**YOUR OBJECTIVE**
Once the line holding "#126=AXIS2_PLACEMENT_3D('',#123,#124,#125);" is found in the listing below, write it out and each later line exactly, up to and including the one holding "#141=EDGE_LOOP('',(#140));".

───── INPUT DATA

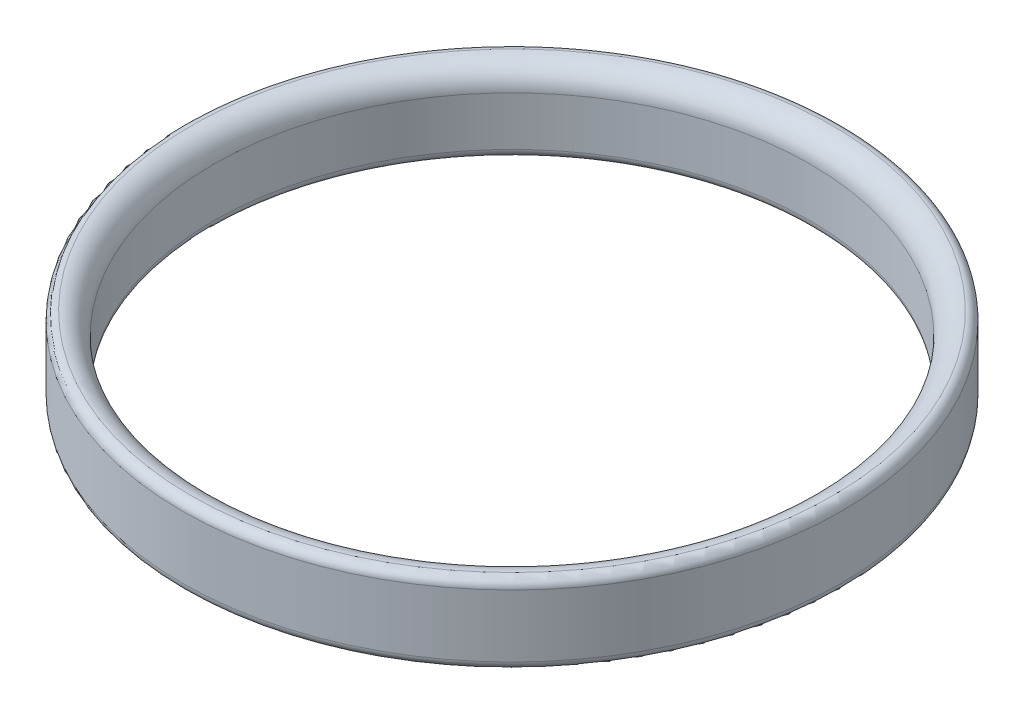
ISO-10303-21;
HEADER;
FILE_DESCRIPTION(('STEP AP214'),'2;1');
FILE_NAME('part.step','',(''),(''),'','','');
FILE_SCHEMA(('AUTOMOTIVE_DESIGN { 1 0 10303 214 1 1 1 1 }'));
ENDSEC;
DATA;
#1=APPLICATION_CONTEXT('core data for automotive mechanical design processes');
#2=APPLICATION_PROTOCOL_DEFINITION('international standard','automotive_design',2000,#1);
#3=PRODUCT_CONTEXT('',#1,'mechanical');
#4=PRODUCT('Part','Part','',(#3));
#5=PRODUCT_RELATED_PRODUCT_CATEGORY('part','',(#4));
#6=PRODUCT_DEFINITION_FORMATION('','',#4);
#7=PRODUCT_DEFINITION_CONTEXT('part definition',#1,'design');
#8=PRODUCT_DEFINITION('design','',#6,#7);
#9=PRODUCT_DEFINITION_SHAPE('','',#8);
#10=(LENGTH_UNIT() NAMED_UNIT(*) SI_UNIT(.MILLI.,.METRE.));
#11=(NAMED_UNIT(*) PLANE_ANGLE_UNIT() SI_UNIT($,.RADIAN.));
#12=(NAMED_UNIT(*) SI_UNIT($,.STERADIAN.) SOLID_ANGLE_UNIT());
#13=UNCERTAINTY_MEASURE_WITH_UNIT(LENGTH_MEASURE(1.E-05),#10,'distance_accuracy_value','');
#14=(GEOMETRIC_REPRESENTATION_CONTEXT(3) GLOBAL_UNCERTAINTY_ASSIGNED_CONTEXT((#13)) GLOBAL_UNIT_ASSIGNED_CONTEXT((#10,
#11,#12)) REPRESENTATION_CONTEXT('',''));
#15=CARTESIAN_POINT('',(0.,0.,0.));
#16=DIRECTION('',(0.,0.,1.));
#17=DIRECTION('',(1.,0.,0.));
#18=AXIS2_PLACEMENT_3D('',#15,#16,#17);
#19=CARTESIAN_POINT('',(0.,0.,0.));
#20=DIRECTION('',(0.,1.,0.));
#21=DIRECTION('',(0.,0.,1.));
#22=AXIS2_PLACEMENT_3D('',#19,#20,#21);
#23=PLANE('',#22);
#24=CARTESIAN_POINT('',(0.,0.,0.));
#25=DIRECTION('',(0.,1.,0.));
#26=DIRECTION('',(0.,0.,1.));
#27=AXIS2_PLACEMENT_3D('',#24,#25,#26);
#28=CIRCLE('',#27,7.2);
#29=CARTESIAN_POINT('',(0.,0.,7.2));
#30=VERTEX_POINT('',#29);
#31=EDGE_CURVE('E38',#30,#30,#28,.F.);
#32=ORIENTED_EDGE('',*,*,#31,.T.);
#33=EDGE_LOOP('',(#32));
#34=FACE_BOUND('',#33,.T.);
#35=CARTESIAN_POINT('',(0.,0.,0.));
#36=DIRECTION('',(0.,1.,0.));
#37=DIRECTION('',(0.,0.,1.));
#38=AXIS2_PLACEMENT_3D('',#35,#36,#37);
#39=CIRCLE('',#38,6.9);
#40=CARTESIAN_POINT('',(0.,0.,6.9));
#41=VERTEX_POINT('',#40);
#42=EDGE_CURVE('E42',#41,#41,#39,.T.);
#43=ORIENTED_EDGE('',*,*,#42,.T.);
#44=EDGE_LOOP('',(#43));
#45=FACE_BOUND('',#44,.T.);
#46=ADVANCED_FACE('F31',(#34,#45),#23,.F.);
#47=CARTESIAN_POINT('',(0.,1.8,0.));
#48=DIRECTION('',(0.,-1.,0.));
#49=DIRECTION('',(0.,0.,-1.));
#50=AXIS2_PLACEMENT_3D('',#47,#48,#49);
#51=CYLINDRICAL_SURFACE('',#50,7.4);
#52=CARTESIAN_POINT('',(0.,0.2,0.));
#53=DIRECTION('',(0.,1.,0.));
#54=DIRECTION('',(0.,0.,1.));
#55=AXIS2_PLACEMENT_3D('',#52,#53,#54);
#56=CIRCLE('',#55,7.4);
#57=CARTESIAN_POINT('',(0.,0.2,7.4));
#58=VERTEX_POINT('',#57);
#59=EDGE_CURVE('E46',#58,#58,#56,.T.);
#60=ORIENTED_EDGE('',*,*,#59,.T.);
#61=EDGE_LOOP('',(#60));
#62=FACE_BOUND('',#61,.T.);
#63=CARTESIAN_POINT('',(0.,1.6,0.));
#64=DIRECTION('',(0.,1.,0.));
#65=DIRECTION('',(0.,0.,1.));
#66=AXIS2_PLACEMENT_3D('',#63,#64,#65);
#67=CIRCLE('',#66,7.4);
#68=CARTESIAN_POINT('',(0.,1.6,7.4));
#69=VERTEX_POINT('',#68);
#70=EDGE_CURVE('E51',#69,#69,#67,.F.);
#71=ORIENTED_EDGE('',*,*,#70,.T.);
#72=EDGE_LOOP('',(#71));
#73=FACE_BOUND('',#72,.T.);
#74=ADVANCED_FACE('F76',(#62,#73),#51,.T.);
#75=CARTESIAN_POINT('',(0.,1.8,0.));
#76=DIRECTION('',(0.,-1.,0.));
#77=DIRECTION('',(0.,0.,-1.));
#78=AXIS2_PLACEMENT_3D('',#75,#76,#77);
#79=CYLINDRICAL_SURFACE('',#78,6.7);
#80=CARTESIAN_POINT('',(0.,0.2,0.));
#81=DIRECTION('',(0.,1.,0.));
#82=DIRECTION('',(0.,0.,1.));
#83=AXIS2_PLACEMENT_3D('',#80,#81,#82);
#84=CIRCLE('',#83,6.7);
#85=CARTESIAN_POINT('',(0.,0.2,6.7));
#86=VERTEX_POINT('',#85);
#87=EDGE_CURVE('E10',#86,#86,#84,.F.);
#88=ORIENTED_EDGE('',*,*,#87,.T.);
#89=EDGE_LOOP('',(#88));
#90=FACE_BOUND('',#89,.T.);
#91=CARTESIAN_POINT('',(0.,1.3,0.));
#92=DIRECTION('',(0.,1.,0.));
#93=DIRECTION('',(0.,0.,1.));
#94=AXIS2_PLACEMENT_3D('',#91,#92,#93);
#95=CIRCLE('',#94,6.7);
#96=CARTESIAN_POINT('',(0.,1.3,6.7));
#97=VERTEX_POINT('',#96);
#98=EDGE_CURVE('E57',#97,#97,#95,.T.);
#99=ORIENTED_EDGE('',*,*,#98,.T.);
#100=EDGE_LOOP('',(#99));
#101=FACE_BOUND('',#100,.T.);
#102=ADVANCED_FACE('F61',(#90,#101),#79,.F.);
#103=CARTESIAN_POINT('',(0.,1.3,0.));
#104=DIRECTION('',(0.,1.,0.));
#105=DIRECTION('',(0.,0.,1.));
#106=AXIS2_PLACEMENT_3D('',#103,#104,#105);
#107=TOROIDAL_SURFACE('',#106,7.2,0.5);
#108=CARTESIAN_POINT('',(0.,1.8,0.));
#109=DIRECTION('',(0.,1.,0.));
#110=DIRECTION('',(0.,0.,1.));
#111=AXIS2_PLACEMENT_3D('',#108,#109,#110);
#112=CIRCLE('',#111,7.2);
#113=CARTESIAN_POINT('',(0.,1.8,7.2));
#114=VERTEX_POINT('',#113);
#115=EDGE_CURVE('E54',#114,#114,#112,.F.);
#116=ORIENTED_EDGE('',*,*,#115,.F.);
#117=EDGE_LOOP('',(#116));
#118=FACE_BOUND('',#117,.T.);
#119=ORIENTED_EDGE('',*,*,#98,.F.);
#120=EDGE_LOOP('',(#119));
#121=FACE_BOUND('',#120,.T.);
#122=ADVANCED_FACE('F63',(#118,#121),#107,.T.);
#123=CARTESIAN_POINT('',(0.,0.2,0.));
#124=DIRECTION('',(0.,1.,0.));
#125=DIRECTION('',(0.,0.,1.));
#126=AXIS2_PLACEMENT_3D('',#123,#124,#125);
#127=TOROIDAL_SURFACE('',#126,7.2,0.2);
#128=ORIENTED_EDGE('',*,*,#31,.F.);
#129=EDGE_LOOP('',(#128));
#130=FACE_BOUND('',#129,.T.);
#131=ORIENTED_EDGE('',*,*,#59,.F.);
#132=EDGE_LOOP('',(#131));
#133=FACE_BOUND('',#132,.T.);
#134=ADVANCED_FACE('F65',(#130,#133),#127,.T.);
#135=CARTESIAN_POINT('',(0.,1.6,0.));
#136=DIRECTION('',(0.,1.,0.));
#137=DIRECTION('',(0.,0.,1.));
#138=AXIS2_PLACEMENT_3D('',#135,#136,#137);
#139=TOROIDAL_SURFACE('',#138,7.2,0.2);
#140=ORIENTED_EDGE('',*,*,#70,.F.);
#141=EDGE_LOOP('',(#140));
#142=FACE_BOUND('',#141,.T.);
#143=ORIENTED_EDGE('',*,*,#115,.T.);
#144=EDGE_LOOP('',(#143));
#145=FACE_BOUND('',#144,.T.);
#146=ADVANCED_FACE('F72',(#142,#145),#139,.T.);
#147=CARTESIAN_POINT('',(0.,0.2,0.));
#148=DIRECTION('',(0.,1.,0.));
#149=DIRECTION('',(0.,0.,1.));
#150=AXIS2_PLACEMENT_3D('',#147,#148,#149);
#151=TOROIDAL_SURFACE('',#150,6.9,0.2);
#152=ORIENTED_EDGE('',*,*,#87,.F.);
#153=EDGE_LOOP('',(#152));
#154=FACE_BOUND('',#153,.T.);
#155=ORIENTED_EDGE('',*,*,#42,.F.);
#156=EDGE_LOOP('',(#155));
#157=FACE_BOUND('',#156,.T.);
#158=ADVANCED_FACE('F33',(#154,#157),#151,.T.);
#159=CLOSED_SHELL('',(#46,#74,#102,#122,#134,#146,#158));
#160=MANIFOLD_SOLID_BREP('B2',#159);
#161=ADVANCED_BREP_SHAPE_REPRESENTATION('',(#18,#160),#14);
#162=SHAPE_DEFINITION_REPRESENTATION(#9,#161);
ENDSEC;
END-ISO-10303-21;

──────────

**RESULT FOR THIS TASK**
#126=AXIS2_PLACEMENT_3D('',#123,#124,#125);
#127=TOROIDAL_SURFACE('',#126,7.2,0.2);
#128=ORIENTED_EDGE('',*,*,#31,.F.);
#129=EDGE_LOOP('',(#128));
#130=FACE_BOUND('',#129,.T.);
#131=ORIENTED_EDGE('',*,*,#59,.F.);
#132=EDGE_LOOP('',(#131));
#133=FACE_BOUND('',#132,.T.);
#134=ADVANCED_FACE('F65',(#130,#133),#127,.T.);
#135=CARTESIAN_POINT('',(0.,1.6,0.));
#136=DIRECTION('',(0.,1.,0.));
#137=DIRECTION('',(0.,0.,1.));
#138=AXIS2_PLACEMENT_3D('',#135,#136,#137);
#139=TOROIDAL_SURFACE('',#138,7.2,0.2);
#140=ORIENTED_EDGE('',*,*,#70,.F.);
#141=EDGE_LOOP('',(#140));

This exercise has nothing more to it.